Data provided: Begin
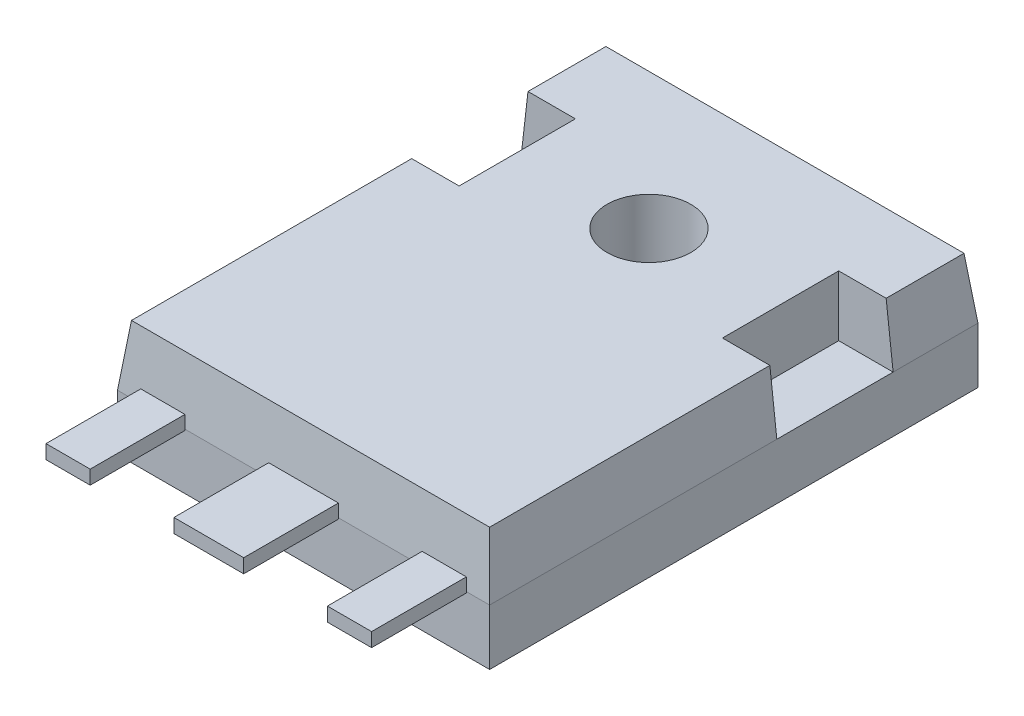
SolidWorks part; units mm, degrees
ref_plane "Front Plane" through (0, 0, 0) normal (0, 0, 1) x (1, 0, 0)
ref_plane "Top Plane" through (0, 0, 0) normal (0, 1, 0) x (1, 0, 0)
ref_plane "Right Plane" through (0, 0, 0) normal (1, 0, 0) x (0, 0, -1)
sketch "Sketch1" plane through (0, 0, 0) normal (0, 1, 0) x (1, 0, 0)
  line L1 (-8, -10.5) -> (8, -10.5)
  line L2 (-8, -10.5) -> (-8, 10.5)
  line L3 (-8, 10.5) -> (8, 10.5)
  line L4 (8, -10.5) -> (8, 10.5)
  line L5 (-8, -10.5) -> (8, 10.5) construction
  line L6 (-8, 10.5) -> (8, -10.5) construction
  point P0 (0, 0)
  dimension "D1" = 16
  dimension "D2" = 21
extrude "Boss-Extrude1" add sketch "Sketch1" along normal blind 5
sketch "Sketch2" plane through (0, 5, 0) normal (0, 1, 0) x (1, 0, 0)
  line L0 (-8, 10.5) -> (-8, -10.5) construction
  line L1 (-8, 6.85) -> (-5.6618, 6.85)
  line L2 (-8, 6.85) -> (-8, 1.85)
  line L3 (-8, 1.85) -> (-5.6618, 1.85)
  line L4 (-5.6618, 6.85) -> (-5.6618, 1.85)
  line L6 (0, 13.2908) -> (0, -15.2211) construction
  line L7 (8, 6.85) -> (8, 1.85)
  line L8 (8, 1.85) -> (5.6618, 1.85)
  line L9 (5.6618, 6.85) -> (5.6618, 1.85)
  line L10 (8, 6.85) -> (5.6618, 6.85)
  line L11 (-11.1878, 4.35) -> (9.4633, 4.35) construction
  line L12 (8, 10.5) -> (-8, 10.5) construction
  point P15 (-5.6618, 4.35)
  dimension "D1" = 6.15
  dimension "D2" = 5
extrude "Cut-Extrude1" cut sketch "Sketch2" against normal blind 2.6
sketch "Sketch3" plane through (0, 5, 0) normal (0, 1, 0) x (1, 0, 0)
  line L0 (0, 22.549) -> (0, -13.849) construction
  line L1 (-9.7226, 4.35) -> (9.7226, 4.35) construction
  line L2 (-5.6618, 1.85) -> (-5.6618, 6.85) construction
  line L3 (-5.6618, 6.85) -> (-5.6618, 1.85)
  circle A0 centre (0, 4.35) radius 1.8
  point P9 (-5.6618, 4.35)
  point P14 (0, 4.35)
  dimension "D1" = 3.6
extrude "Cut-Extrude2" cut sketch "Sketch3" against normal through all contours A0 region at (0, 5, -4.35)
chamfer "Chamfer1" distance 2.6 distance2 0.3 6 edges at (8, 5, 4.325) (-8, 5, 4.325) (8, 5, -8.675) (0, 5, -10.5) (-8, 5, -8.675) (0, 5, 10.5) first distance on face at (8, 3.1, -2.175) first distance on face at (-8, 3.1, -2.175) first distance on face at (0, 2.5, -10.5) first distance on face at (0, 2.5, 10.5)
sketch "Sketch4" plane through (0, 0, 10.5) normal (0, 0, 1) x (1, 0, 0)
  line L0 (-8, 0) -> (8, 0) construction
  line L1 (-7, 2.35) -> (-5.1, 2.35)
  line L2 (-7, 2.35) -> (-7, 2.95)
  line L3 (-7, 2.95) -> (-5.1, 2.95)
  line L4 (-5.1, 2.35) -> (-5.1, 2.95)
  line L5 (-8, 2.4) -> (-8, 0) construction
  line L6 (0, 8.4757) -> (0, -5.9854) construction
  line L7 (5.1, 2.35) -> (5.1, 2.95)
  line L8 (7, 2.35) -> (5.1, 2.35)
  line L9 (7, 2.35) -> (7, 2.95)
  line L10 (7, 2.95) -> (5.1, 2.95)
  line L11 (8, 2.4) -> (-8, 2.4) construction
  line L12 (-1.5, 2.35) -> (1.5, 2.35)
  line L13 (-1.5, 2.35) -> (-1.5, 2.95)
  line L14 (-1.5, 2.95) -> (1.5, 2.95)
  line L15 (1.5, 2.35) -> (1.5, 2.95)
  point P15 (0, 2.4)
  dimension "D1" = 1.9
  dimension "D2" = 0.6
  dimension "D3" = 2.35
  dimension "D4" = 1
  dimension "D5" = 3
  dimension "D6" = 0.6
extrude "Boss-Extrude2" add sketch "Sketch4" along normal blind 4.5
sketch "Sketch5" plane through (0, 0, 15) normal (0, 0, 1) x (1, 0, 0)
  line L0 (-7, 2.35) -> (-5.1, 2.35) construction
  line L1 (-6.65, 2.35) -> (-5.45, 2.35)
  line L2 (-6.65, 2.35) -> (-6.65, 2.95)
  line L3 (-6.65, 2.95) -> (-5.45, 2.95)
  line L4 (-5.45, 2.35) -> (-5.45, 2.95)
  line L5 (-5.1, 2.95) -> (-7, 2.95) construction
  line L6 (-1.5, 2.35) -> (1.5, 2.35) construction
  line L7 (-0.6, 2.35) -> (0.6, 2.35)
  line L8 (-0.6, 2.35) -> (-0.6, 2.95)
  line L9 (-0.6, 2.95) -> (0.6, 2.95)
  line L10 (0.6, 2.35) -> (0.6, 2.95)
  line L11 (1.5, 2.95) -> (-1.5, 2.95) construction
  line L12 (0, 6.777) -> (0, -3.7589) construction
  line L13 (5.45, 2.35) -> (5.45, 2.95)
  line L14 (6.65, 2.95) -> (5.45, 2.95)
  line L15 (6.65, 2.35) -> (6.65, 2.95)
  line L16 (6.65, 2.35) -> (5.45, 2.35)
  point P20 (-6.05, 2.95)
  point P21 (0, 2.95)
  dimension "D1" = 1.2
  dimension "D2" = 1.2
extrude "Boss-Extrude3" add sketch "Sketch5" along normal blind 15.5
chamfer "Chamfer2" distance 0.4 angle 45 4 edges
chamfer "Chamfer3" distance 1 angle 45 2 edges
chamfer "Chamfer4" distance 0.5 angle 45 6 edges at (5.45, 2.65, 30.5) (6.65, 2.65, 30.5) (0.6, 2.65, 30.5) (-0.6, 2.65, 30.5) (-5.45, 2.65, 30.5) (-6.65, 2.65, 30.5)
sketch "Sketch6" plane through (0, 2.95, 0) normal (0, 1, 0) x (1, 0, 0)
  line L0 (8, -10.5) -> (7, -10.5) construction
  line L1 (-10.394, -17.755) -> (10.7254, -17.755)
  line L2 (-10.394, -17.755) -> (-10.394, -30.9402)
  line L3 (-10.394, -30.9402) -> (10.7254, -30.9402)
  line L4 (10.7254, -17.755) -> (10.7254, -30.9402)
  dimension "D1" = 7.255
  dimension "D2" = 21.1194
extrude "Cut-Extrude3" cut sketch "Sketch6" against normal through all
other "Flex1" [suppressed] parameters "D0"=139.19, "D1"=25.6194, "D2"=0
sketch "Sketch7" plane through (0, 2.95, 0) normal (0, 1, 0) x (1, 0, 0)
  line L0 (-1010.7966, -14.075) -> (48989.2034, -14.075) construction
  line L1 (-1020.307, -14.575) -> (48979.693, -14.575) construction
  line L3 (-8, -14.575) -> (7.716, -14.575)
  line L4 (-8, -14.575) -> (-8, -18.2514)
  line L5 (-8, -18.2514) -> (7.716, -18.2514)
  line L6 (7.716, -14.575) -> (7.716, -18.2514)
  point P6 (-8, -10.5)
  dimension "D1" = 3.575
  dimension "D2" = 0.5
extrude "Cut-Extrude4" cut sketch "Sketch7" against normal through all
Data provided: End
**Your task**
Could you copy exactly the line containing "line L0 (-1010.7966, -14.075)" and each line after it through the end of the records, and nothing else?

**Exercise answer**
  line L0 (-1010.7966, -14.075) -> (48989.2034, -14.075) construction
  line L1 (-1020.307, -14.575) -> (48979.693, -14.575) construction
  line L3 (-8, -14.575) -> (7.716, -14.575)
  line L4 (-8, -14.575) -> (-8, -18.2514)
  line L5 (-8, -18.2514) -> (7.716, -18.2514)
  line L6 (7.716, -14.575) -> (7.716, -18.2514)
  point P6 (-8, -10.5)
  dimension "D1" = 3.575
  dimension "D2" = 0.5
extrude "Cut-Extrude4" cut sketch "Sketch7" against normal through all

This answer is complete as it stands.